**Data records:**

--*--

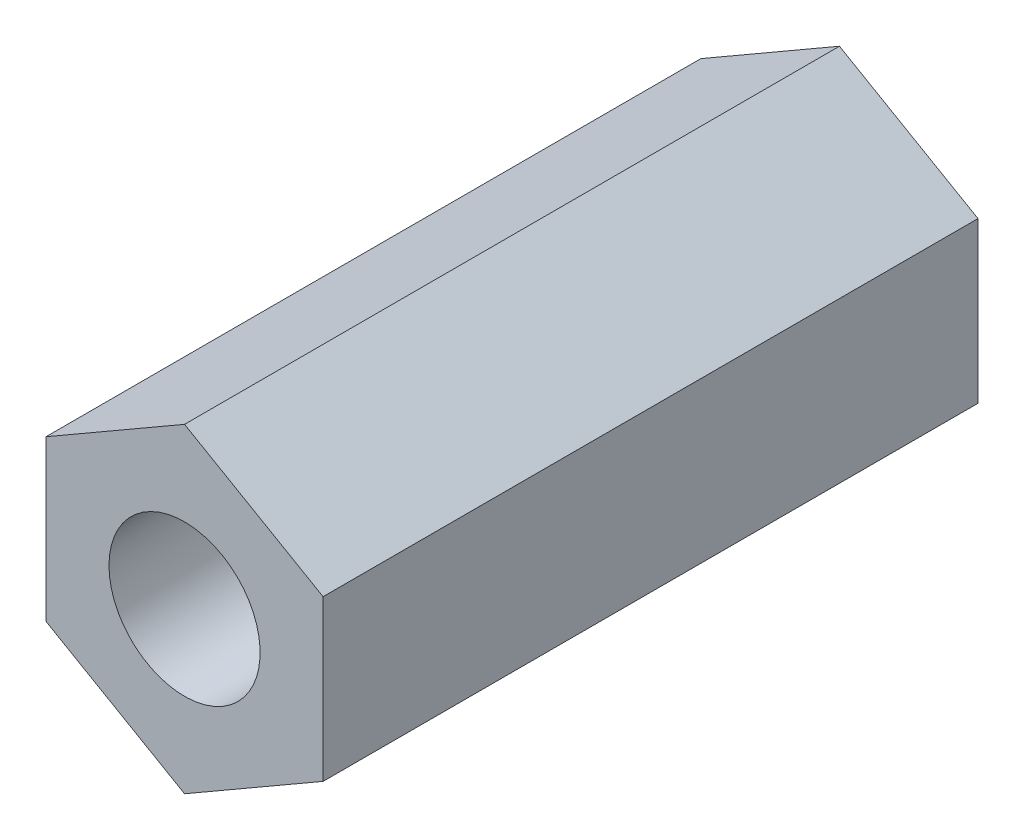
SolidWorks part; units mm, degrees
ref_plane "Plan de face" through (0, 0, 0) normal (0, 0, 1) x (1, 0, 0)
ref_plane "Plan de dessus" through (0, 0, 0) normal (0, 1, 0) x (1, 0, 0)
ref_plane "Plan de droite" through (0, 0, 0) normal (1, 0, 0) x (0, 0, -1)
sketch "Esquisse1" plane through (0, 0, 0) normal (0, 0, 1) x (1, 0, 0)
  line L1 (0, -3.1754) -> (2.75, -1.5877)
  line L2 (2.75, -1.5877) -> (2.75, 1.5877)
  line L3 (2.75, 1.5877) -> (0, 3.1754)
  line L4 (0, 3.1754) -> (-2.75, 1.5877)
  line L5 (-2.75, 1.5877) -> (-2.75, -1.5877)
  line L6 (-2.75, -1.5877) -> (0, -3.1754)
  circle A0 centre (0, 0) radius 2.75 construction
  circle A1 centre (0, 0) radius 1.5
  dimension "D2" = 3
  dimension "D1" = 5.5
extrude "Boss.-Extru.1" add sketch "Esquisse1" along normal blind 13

--*--

**Work item:**
Output exactly the lines between the one containing "0) x (1, 0, 0)" and the final line above, both inclusive.

**Answer area:**
ref_plane "Plan de dessus" through (0, 0, 0) normal (0, 1, 0) x (1, 0, 0)
ref_plane "Plan de droite" through (0, 0, 0) normal (1, 0, 0) x (0, 0, -1)
sketch "Esquisse1" plane through (0, 0, 0) normal (0, 0, 1) x (1, 0, 0)
  line L1 (0, -3.1754) -> (2.75, -1.5877)
  line L2 (2.75, -1.5877) -> (2.75, 1.5877)
  line L3 (2.75, 1.5877) -> (0, 3.1754)
  line L4 (0, 3.1754) -> (-2.75, 1.5877)
  line L5 (-2.75, 1.5877) -> (-2.75, -1.5877)
  line L6 (-2.75, -1.5877) -> (0, -3.1754)
  circle A0 centre (0, 0) radius 2.75 construction
  circle A1 centre (0, 0) radius 1.5
  dimension "D2" = 3
  dimension "D1" = 5.5
extrude "Boss.-Extru.1" add sketch "Esquisse1" along normal blind 13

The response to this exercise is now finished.